Inès stepped closer to the car holding her firstborn inside.
"I…I don't know what happened," the truck driver stammered, kneading his battered hat between dirt-stained fingers. "He just…just came outta nowhere. Oh God…oh God…"
"Someone call the fucking hospital!" Honorine screamed.
"For what, Maman?" Simone yelled, grabbing at her mother's arm with one hand while pointing at Inès with the other. "He's dead! Just like Lucie and Papa and André and Lenore! All of them dead, because of this bitch!" She turned to Jemma. "And this one, still alive, still breathing! You and your mother are the curse! You're the curse! Get off this land! Get off this property! I don't ever want to see your faces again!"
Simone whirled around to Inès, grabbing her shoulders and shaking her. "This is your fault, your fault!"
Jemma broke out of her daze long enough to pull her aunt off her mother. "This isn't her fault! It's not my birthday. Do you hear me? It's not March twelfth!"
If Jemma thought that would break through Simone's violent fit, she was wrong. It seemed only to enrage her aunt more. As Fosette knelt on the dirt lane, her open mouth no longer emitting any sound, an expression of horror frozen on her face, her mother grabbed Jemma by the neck. Vaguely, Jemma was aware that her own mother had moved back to the car, had fallen across the windshield. Honorine stood as still as a statue, while the truck driver continued to babble to no one.
Dennis pulled Simone off Jemma, but it was clearly a struggle for him. Once he'd pried the woman's hands from around her niece's neck, Simone turned and backhanded him across the face.
"Don't you ever touch me again, nigger," she breathed.
Dennis's hand whipped up, but he somehow maintained enough control not to strike her back.
"I should do it," he said in a low voice, Simone eyeing his fist warily. "But I won't. 'Cause of her." He moved over to Inès.

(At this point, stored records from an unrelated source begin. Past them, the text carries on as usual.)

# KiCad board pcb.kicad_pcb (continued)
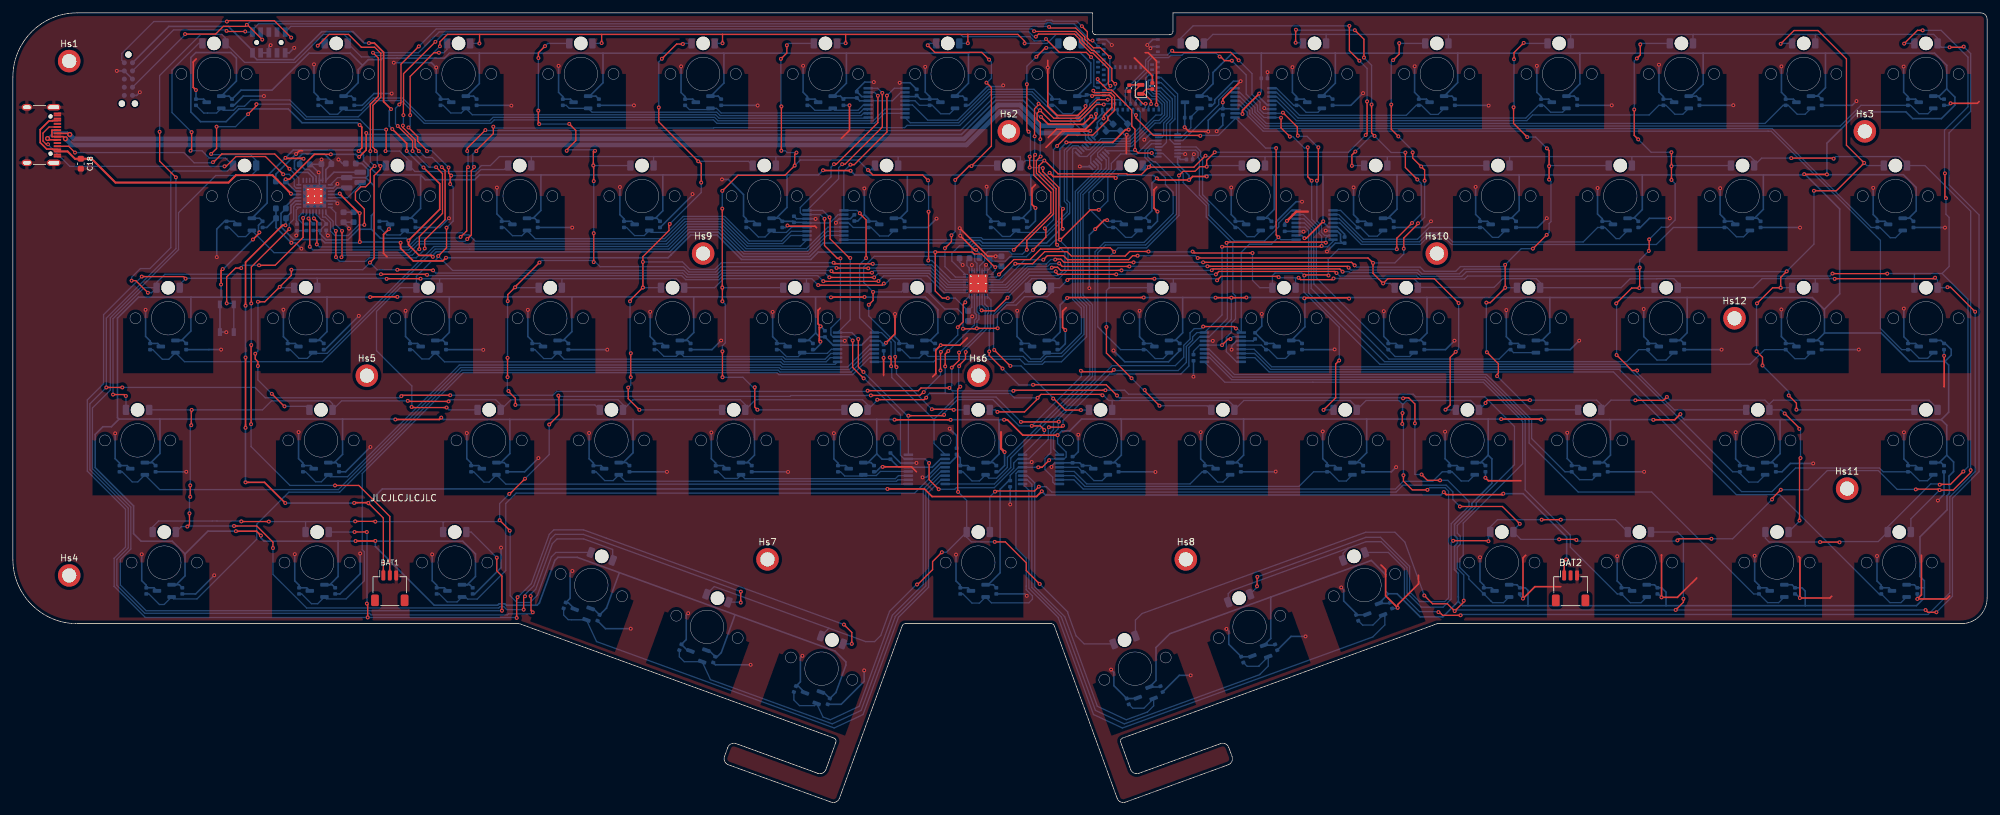
[diagram p0: board, top side]
## Routing (per net, layer and track width the routed paths; a pad name or vN(x,y) marks a point on that pad's centre or on a via; arc(x,y) is an arc through that point) (continued)
/NRESET: length 168.1
  Top w0.2: v1(161,120.57) 161.16,120.41 165.13,120.41 166.55,118.99 166.55,118.65 167.88,117.32 168.99,117.32 v1(170.45,115.86) ; v1(33.25,121.41) 33.39,121.55 40.61,121.55 v1(43.25,118.91)
  Bottom w0.2: MDBT1.40 169.8,111.51 169.89,111.6 169.89,111.68 170.27,112.06 170.35,112.06 170.45,112.16 v1(170.45,115.86) ; JTAG2.10 16.92,115.4 16.92,116.44 21.89,121.41 v1(33.25,121.41) ; v1(161,120.57) 160.91,120.66 43.21,120.66 JTAG1.10 42.4,119.76 v1(43.25,118.91)
/SCL: length 192
  Top w0.2: v1(45.92,90.78) 46.01,90.78 46.13,90.65 v1(46.13,86.38) ; v1(158.84,100.68) 158.63,100.47 158.63,97.51 161.28,94.86 161.28,91.66 v1(155.51,85.89) ; v1(74.65,105.06) 74.65,103.98 72.01,101.34 v1(72.01,101.26) ; v1(170.12,109.26) 168.51,109.26 165.63,106.38 162.1,106.38 162.1,106.37 161.73,106.37 159.48,108.62 v1(159.37,108.62) 159.37,108.48 158.74,107.85 158.74,103.58 v1(158.76,103.56) ; v1(70.59,87.58) 71.23,88.22 71.23,98.22 71.65,98.64 v1(71.65,98.79)
  Bottom w0.2: v1(170.12,109.26) 171.9,109.26 172.05,109.11 MDBT1.27 ; PMIC1.14 46.12,90.98 v1(45.92,90.78) 45.92,90.7 R3.2 ; v1(155.51,85.89) 155.28,86.12 150.32,86.12 149.89,86.55 149.4,86.55 149.02,86.17 149.02,85.46 149.44,85.03 149.44,84.16 149.8,83.8 LEDDR1.28 ; v1(70.59,87.58) 70.23,87.22 62.83,87.22 61.5,85.89 46.62,85.89 v1(46.13,86.38) ; v1(72.01,101.26) 71.92,101.26 71.46,100.79 71.46,98.98 v1(71.65,98.79) ; v1(158.84,100.68) 158.76,100.76 v1(158.76,103.56) ; v1(74.65,105.06) 74.86,104.85 108.86,104.85 108.92,104.91 138.58,104.91 138.92,105.26 147.11,105.26 151.92,110.07 158.23,110.07 159.37,108.93 v1(159.37,108.62)
/SDA: length 186
  Top w0.2: v1(169.5,108.51) 168.36,108.51 165.78,105.93 161.26,105.93 v1(159.59,107.6) 159.14,107.15 159.14,106.17 159.64,105.67 v1(159.64,103.11) ; v1(69.57,87.91) 69.59,87.91 70.52,88.84 70.52,98.57 v1(70.72,98.77) ; v1(46.77,90.79) 47.23,90.34 47.23,86.76 v1(47.22,86.75) ; v1(73.41,104.54) 70.59,101.71 v1(70.59,101.27) ; v1(159.68,100.42) 159.03,99.77 159.03,97.84 161.68,95.19 161.68,91.49 157.54,87.36 v1(157.54,85.91)
  Bottom w0.2: v1(169.5,108.51) 169.6,108.61 MDBT1.29 ; v1(159.68,100.42) 159.62,100.49 159.62,103.09 v1(159.64,103.11) ; LEDDR1.29 150.2,83.41 150.99,84.21 150.99,85.1 151.54,85.65 154.83,85.65 155.24,85.24 156.87,85.24 v1(157.54,85.91) ; v1(70.72,98.77) 70.72,101.14 v1(70.59,101.27) ; v1(73.41,104.54) 73.5,104.45 147.24,104.45 152.46,109.67 157.4,109.67 159.47,107.6 v1(159.59,107.6) ; v1(47.22,86.75) 47.61,86.36 61.4,86.36 62.8,87.76 69.42,87.76 v1(69.57,87.91) ; PMIC1.13 46.62,90.94 v1(46.77,90.79) 46.84,90.79 R4.2
/SW0: length 998.2
  Top w0.2: 91.48,119.41 110.28,119.41 ; 91.48,119.41 72.51,119.41 ; 91.48,119.41 v1(91.48,118.06) ; 110.28,119.41 110.26,119.39 v1(110.26,118.03) ; 110.28,119.41 129.41,119.41 ; v1(80.78,29.52) 80.51,29.79 80.51,31.99 v1(80.45,32.05) ; v1(132.81,63.99) 140.68,63.99 141.11,64.42 v1(145.52,64.42) ; v1(147.01,69.93) 147.01,68.71 v1(145.88,67.58) ; v1(300.91,117.41) 303.01,117.41 v1(303.11,117.51) ; v1(157.2,118.01) 157.2,118.36 156.15,119.41 148.38,119.41 ; 72.51,119.41 72.51,118.02 v1(72.49,118) ; 72.51,119.41 67.52,119.41 66.35,118.24 v1(66.35,117.56) ; v1(67.96,63.29) 60.5,63.29 v1(60.35,63.14) ; 148.38,119.41 v1(148.38,118.04) ; 148.38,119.41 129.41,119.41 ; v1(259.56,31.62) 259.56,31.09 v1(258.36,29.89) ; v1(219.3,32.14) 220.59,30.85 222.89,30.85 v1(224.03,29.71) 225.43,31.12 v1(225.43,31.34) ; v1(169.76,64.07) 155.55,64.07 v1(155.45,63.97) ; 129.41,119.41 129.39,119.39 v1(129.39,118.04) ; v1(25.32,97.18) 22.8,99.7 v1(22.8,104.26) ; v1(17.01,64.5) v1(14.52,64.5) ; v1(298.87,29.53) 297.53,29.53 v1(297.18,29.88)
  Bottom w0.2: D13.2 261.05,119.35 261.11,119.41 ; v1(298.87,29.53) 301.36,32.02 301.36,47.27 305.49,51.4 305.49,91.34 300.83,96 300.83,104.09 304.19,107.45 304.19,116.43 v1(303.11,117.51) ; D11.2 223.05,119.38 223.08,119.41 ; v1(145.88,67.58) 145.88,64.78 v1(145.52,64.42) 145.97,63.97 v1(155.45,63.97) ; v1(110.26,118.03) 110.24,118.01 D5.2 ; 280.1,119.41 280.05,119.36 D14.2 ; 280.1,119.41 261.11,119.41 ; 280.1,119.41 298.45,119.41 299.05,118.81 D15.2 299.65,117.41 v1(300.91,117.41) ; v1(259.56,31.62) 259.56,41.09 258.64,42.01 D70.2 ; v1(219.3,32.14) 216.28,40.44 214.74,41.98 210.2,41.98 175.44,29.33 174.42,28.31 D66.2 ; D9.2 186.45,119.41 204.03,119.41 ; 204.03,119.41 223.08,119.41 ; 204.03,119.41 204.05,119.39 D10.2 ; 223.08,119.41 242.07,119.41 ; 261.11,119.41 242.07,119.41 ; D8.2 166.05,118.81 165.45,119.41 162.1,119.41 160.7,118.01 v1(157.2,118.01) ; D3.2 72.48,118.01 v1(72.49,118) ; v1(148.38,118.04) 148.35,118.01 D7.2 ; 242.07,119.41 242.05,119.39 D12.2 ; v1(80.78,29.52) 80.55,29.29 77,29.29 76.83,29.12 55.65,29.12 55.4,29.37 20.51,29.37 16.15,33.73 16.15,37.77 17.93,39.55 17.93,45.73 11.96,51.7 11.96,61.95 v1(14.52,64.5) 14.52,75.28 25.34,86.1 25.34,97.16 v1(25.32,97.18) ; LEDDR1.11 150.6,77.33 151.17,76.76 151.17,76.22 151.06,76.11 151.06,73.9 147.09,69.93 v1(147.01,69.93) ; v1(91.48,118.06) 91.43,118.01 D4.2 ; v1(225.43,31.34) 225.43,35.34 224.42,36.34 224.42,39.65 224.88,40.11 224.88,41.38 224.42,41.83 224.42,43.04 227.37,45.99 227.37,46.54 233.31,52.48 233.31,58.43 228.69,63.05 217.97,63.05 217.57,63.45 173.35,63.45 172.73,64.07 v1(169.76,64.07) ; v1(80.45,32.05) 80.45,32.34 81.24,33.13 83.82,40.2 84.55,40.94 88.69,40.94 93.16,39.31 93.19,39.28 D62.2 ; v1(224.03,29.71) 224.03,29.86 224.05,29.89 v1(258.36,29.89) 297.17,29.89 v1(297.18,29.88) ; v1(67.96,63.29) 83.9,63.29 84.49,63.88 132.7,63.88 v1(132.81,63.99) ; D6.2 129.36,118.01 v1(129.39,118.04) ; v1(60.35,63.14) 60.1,62.89 39.21,62.89 37.6,64.5 v1(17.01,64.5) ; v1(22.8,104.26) 22.8,113.01 29.2,119.41 32.45,119.41 33.05,118.81 D1.2 36.01,115.05 43.88,115.05 48.24,119.41 51.45,119.41 52.05,118.81 D2.2 54.15,115.91 56.22,115.91 56.44,116.14 64.92,116.14 v1(66.35,117.56)
/SW1: length 734
  Top w0.2: v1(152.6,48.29) 152.71,48.4 158.75,48.4 v1(159.41,49.07) ; 37.63,108.56 v1(37.85,108.56) 37.85,108.31 v1(36.55,107.01) ; v1(273.33,47.08) 273.33,47.23 v1(274.69,48.59) ; v1(75.19,38.03) 75.19,35.98 75.99,35.17 v1(75.99,29.77) ; v1(224.83,45.98) 231.44,45.98 v1(234.14,43.28) ; v1(30.8,100.81) 31.65,101.66 v1(31.65,105.06) ; v1(304.19,51.63) 304.19,51.26 301.47,48.54 v1(299.38,48.54) 299.23,48.68 295.7,48.68 v1(295.66,48.64) ; v1(176.49,98.76) 176.73,99 176.73,99.13 ; v1(176.49,98.76) 175.34,97.61 173.17,97.61 173.06,97.72 162.38,97.72 160.3,99.8 v1(160.26,99.8) 159.43,98.97 159.43,98.05 162.08,95.4 162.08,86.86 v1(162.25,86.68) ; v1(176.49,98.76) 183.5,98.76 185.28,100.54 v1(185.32,100.54) ; v1(282.9,100.08) 282.81,100.17 v1(276.31,100.17) ; v1(258.63,40.71) 258.88,40.96 v1(263.92,40.96) ; v1(57.9,101.26) 58,101.36 v1(58,104.61) ; v1(150.52,76.49) 150.59,76.42 152.5,76.42 v1(154.54,78.47) ; v1(240.25,40.87) 242.84,40.87 v1(242.93,40.78)
  Bottom w0.2: 232.55,100.41 213.5,100.41 ; 232.55,100.41 251.55,100.41 ; 232.55,100.41 D26.2 ; 213.5,100.41 213.55,100.36 D25.2 ; 213.5,100.41 194.63,100.41 ; v1(150.52,76.49) 150.2,76.81 LEDDR1.12 ; 137.5,100.41 156.51,100.41 156.55,100.37 D22.2 157.34,99.8 v1(160.26,99.8) ; 137.5,100.41 118.53,100.41 ; 137.5,100.41 137.55,100.36 D21.2 ; 118.53,100.41 118.55,100.39 D20.2 ; 118.53,100.41 99.58,100.41 ; v1(299.38,48.54) 294.9,44.06 D72.2 ; v1(263.92,40.96) 267.21,40.96 v1(273.33,47.08) ; D65.2 151.8,47.49 v1(152.6,48.29) ; v1(224.83,45.98) 223.74,47.07 223.74,48.26 222.69,49.3 215.98,49.3 214.9,48.22 161.42,48.22 160.58,49.07 v1(159.41,49.07) ; v1(30.8,100.81) 30.9,100.71 36.9,100.71 37.8,99.81 D16.2 37.8,98.21 37.05,97.46 31.52,97.46 25.74,91.68 25.74,85.94 15.14,75.34 15.14,64.08 12.37,61.31 12.37,51.86 18.33,45.9 18.33,39.38 16.7,37.75 16.7,33.77 20.7,29.77 v1(75.99,29.77) ; 99.58,100.41 99.55,100.38 D19.2 ; 99.58,100.41 80.57,100.41 ; v1(304.19,51.63) 304.19,91.91 297.09,99.01 D29.2 294.3,99.19 293.08,100.41 283.23,100.41 v1(282.9,100.08) ; v1(274.69,48.59) 278.93,48.59 281.91,51.57 289.84,51.57 292.77,48.64 v1(295.66,48.64) ; v1(185.32,100.54) 185.27,100.5 185.27,100.43 185.28,100.41 194.63,100.41 ; v1(176.49,98.76) 176.24,99.01 D23.2 ; v1(58,104.61) 55.51,104.61 53.93,106.19 45.47,106.19 43.1,108.56 v1(37.85,108.56) ; 80.57,100.41 80.55,100.39 D18.2 ; 80.57,100.41 75.59,100.41 74.19,99.01 72.79,99.01 71.87,98.09 62.47,98.09 D17.2 61.55,99.81 60.1,101.26 v1(57.9,101.26) ; 194.63,100.41 194.55,100.33 D24.2 ; v1(276.31,100.17) 271.71,100.17 D28.2 270.55,99.81 269.95,100.41 251.55,100.41 ; v1(75.19,38.03) 71.2,42.01 D61.2 ; 251.55,100.41 D27.2 ; v1(162.25,86.68) 162.25,86.67 163.46,85.46 163.46,82.93 162.43,81.9 157.98,81.9 v1(154.54,78.47) ; v1(258.63,40.71) 258.52,40.6 243.11,40.6 v1(242.93,40.78) ; v1(36.55,107.01) 34.6,105.06 v1(31.65,105.06) ; v1(240.25,40.87) 234.29,40.87 D69.2 233.15,42.29 v1(234.14,43.28)
/SW2: length 674
  Top w0.2: v1(196.68,81.65) 196.55,81.78 187.72,81.78 v1(187.1,81.16) ; v1(129.12,27.62) 130.35,26.39 v1(130.35,24.61) ; v1(221.5,29.56) 221.64,29.56 222.14,29.06 v1(224.94,29.06) ; v1(199.76,81.56) 200.06,81.26 205.01,81.26 v1(205.2,81.45) ; v1(20.02,81.74) 26.52,81.74 v1(26.84,81.42) ; v1(55,30.89) 55.13,30.76 v1(55.13,28.72) ; v1(304.89,76.27) 301.07,80.09 v1(300.59,80.09) ; v1(153.01,73.7) 149.77,73.7 v1(149.77,73.68) 149.71,73.62 v1(147.62,73.62) ; v1(55,42.01) 54.99,42.02 v1(53.08,42.02) ; v1(78.42,31.89) 78.28,31.75 v1(78.28,28.65) ; v1(298.66,81.57) 298.5,81.41 283.08,81.41 v1(283.06,81.39) ; v1(163.84,81.2) 163.91,81.2 164.12,81.41 v1(177.37,81.41) ; v1(58.07,81.39) 58.09,81.41 v1(63.35,81.41) ; v1(135.33,80.66) 135.07,80.4 125.14,80.4 v1(125.12,80.42)
  Bottom w0.2: v1(283.06,81.39) 283,81.45 282.53,81.45 282.51,81.43 280.11,81.43 ; v1(78.28,28.65) 78.21,28.72 v1(55.13,28.72) 54.78,28.72 54.78,28.72 20.59,28.72 15.75,33.56 15.74,33.57 15.74,37.92 15.75,37.93 15.75,37.93 17.5,39.68 17.5,45.55 11.56,51.49 11.56,62.56 14.09,65.08 14.09,75.81 v1(20.02,81.74) ; D31.2 47.3,81.41 47.23,81.48 ; v1(153.01,73.7) 152.97,73.74 152.97,75.86 154.42,77.31 155.88,77.31 157.17,78.61 160.7,78.61 161.3,79.21 D37.2 162.65,80.01 v1(163.84,81.2) ; 92.2,41.06 v1(129.12,27.62) ; D39.2 199.3,81.48 199.22,81.56 ; v1(78.42,31.89) 78.47,31.89 80.55,33.97 83.35,41.65 84.04,42.35 88.66,42.35 92.28,41.03 ; v1(304.89,76.27) 304.89,51.42 300.95,47.48 300.95,32.55 297.59,29.19 225.07,29.19 v1(224.94,29.06) ; D60.2 53.07,42.01 v1(53.08,42.02) ; 180.33,81.41 180.3,81.38 D38.2 ; 180.33,81.41 v1(177.37,81.41) ; 180.33,81.41 186.85,81.41 v1(187.1,81.16) ; v1(147.62,73.62) 147.62,75.86 146.77,76.71 144.8,76.71 142.3,79.21 D36.2 ; D32.2 66.3,81.38 66.27,81.41 ; LEDDR1.13 149.8,76.29 150.1,75.99 150.1,75.12 149.8,74.82 149.8,73.71 v1(149.77,73.68) ; 123.28,81.41 123.3,81.39 D35.2 ; 123.28,81.41 124.13,81.41 v1(125.12,80.42) ; 123.28,81.41 110.43,81.41 109.03,80.01 D34.2 104.3,80.19 103.08,81.41 85.27,81.41 ; v1(221.5,29.56) 221.42,29.63 218.55,29.63 216.22,31.96 216.22,36.33 213.71,38.84 D68.2 ; v1(298.66,81.57) 299.05,81.18 D44.2 300.51,80.01 v1(300.59,80.09) ; v1(196.68,81.65) 196.77,81.56 199.22,81.56 ; 199.22,81.56 v1(199.76,81.56) ; 85.27,81.41 66.27,81.41 ; 85.27,81.41 85.3,81.38 D33.2 ; v1(135.33,80.66) 135.61,80.66 136.36,81.41 141.08,81.41 142.3,80.19 ; D64.2 130.35,24.61 v1(130.35,24.61) ; v1(58.07,81.39) 57.98,81.48 47.23,81.48 ; 66.27,81.41 v1(63.35,81.41) ; v1(55,30.89) 55.02,30.92 55.02,41.99 v1(55,42.01) ; 47.23,81.48 26.9,81.48 v1(26.84,81.42) 25.93,80.51 D30.2 ; D43.2 280.05,81.39 280.01,81.43 271.79,81.43 270.37,80.01 D42.2 258.68,80.81 258.07,81.41 255.43,81.41 255.41,81.39 251.27,81.39 249.89,80.01 D41.2 237.3,80.81 236.7,81.41 231.49,81.41 230.14,80.06 218.35,80.06 D40.2 218.3,80.81 217.68,81.43 205.96,81.43 205.94,81.45 v1(205.2,81.45)
/SW3: length 556.1
  Top w0.2: v1(152.97,60.7) 157.2,60.7 159.21,62.71 v1(159.21,62.88) 159.75,63.42 169.16,63.42 v1(169.3,63.28) ; v1(215.88,58.82) 215.88,60.48 v1(215.92,60.52) ; v1(141.91,62.91) 141.59,62.59 v1(134.3,62.59) ; v1(252.09,62.5) 256.48,62.5 v1(257,63.02) ; v1(40.41,39.52) 40.41,40.44 37.9,42.95 v1(34.36,42.95) ; v1(27.78,61.01) 27.72,60.95 v1(27.72,58.62) ; v1(27.56,47.48) v1(27.56,49.27) ; v1(275.29,60.45) 277.57,58.17 v1(277.57,58.05) ; v1(79.36,29.94) 79.36,31.81 v1(79.57,32.02) ; v1(61.36,62.41) 61.44,62.33 v1(67.7,62.33) ; v1(235.72,62.52) 229.11,62.52 228.81,62.22 v1(228.81,62.07) ; v1(193.31,33.57) 193.31,35 v1(193.36,35.05) ; v1(144.86,67.77) 144.86,69.69 v1(145.34,70.17) ; v1(277.75,53.52) 277.6,53.37 v1(277.6,43.8) ; v1(216.06,50.85) 216.06,49.94 217.43,48.57 v1(219.79,48.57) ; v1(113.09,31.04) 113.09,32.72 v1(113.11,32.74) ; v1(27.11,42.86) 27.44,43.19 v1(27.44,44.92)
  Bottom w0.2: v1(257,63.02) 257.5,62.52 272.23,62.52 272.93,61.83 D57.2 ; D59.2 26.18,42.86 v1(27.11,42.86) 27.2,42.95 v1(34.36,42.95) ; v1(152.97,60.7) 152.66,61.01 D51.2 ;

"You disgusting cow," Jemma spit.
She thought her aunt would lunge at her again, but after moving her hair out of her face and licking the sweat from her upper lip, Simone ran back to the house, presumably to call the hospital.
Again Jemma was wrong.
After several moments, everyone's attention turned back to the open front doors of the house as Simone threw all Jemma's clothes and other belongings out onto the porch, before kicking various items down the stairs.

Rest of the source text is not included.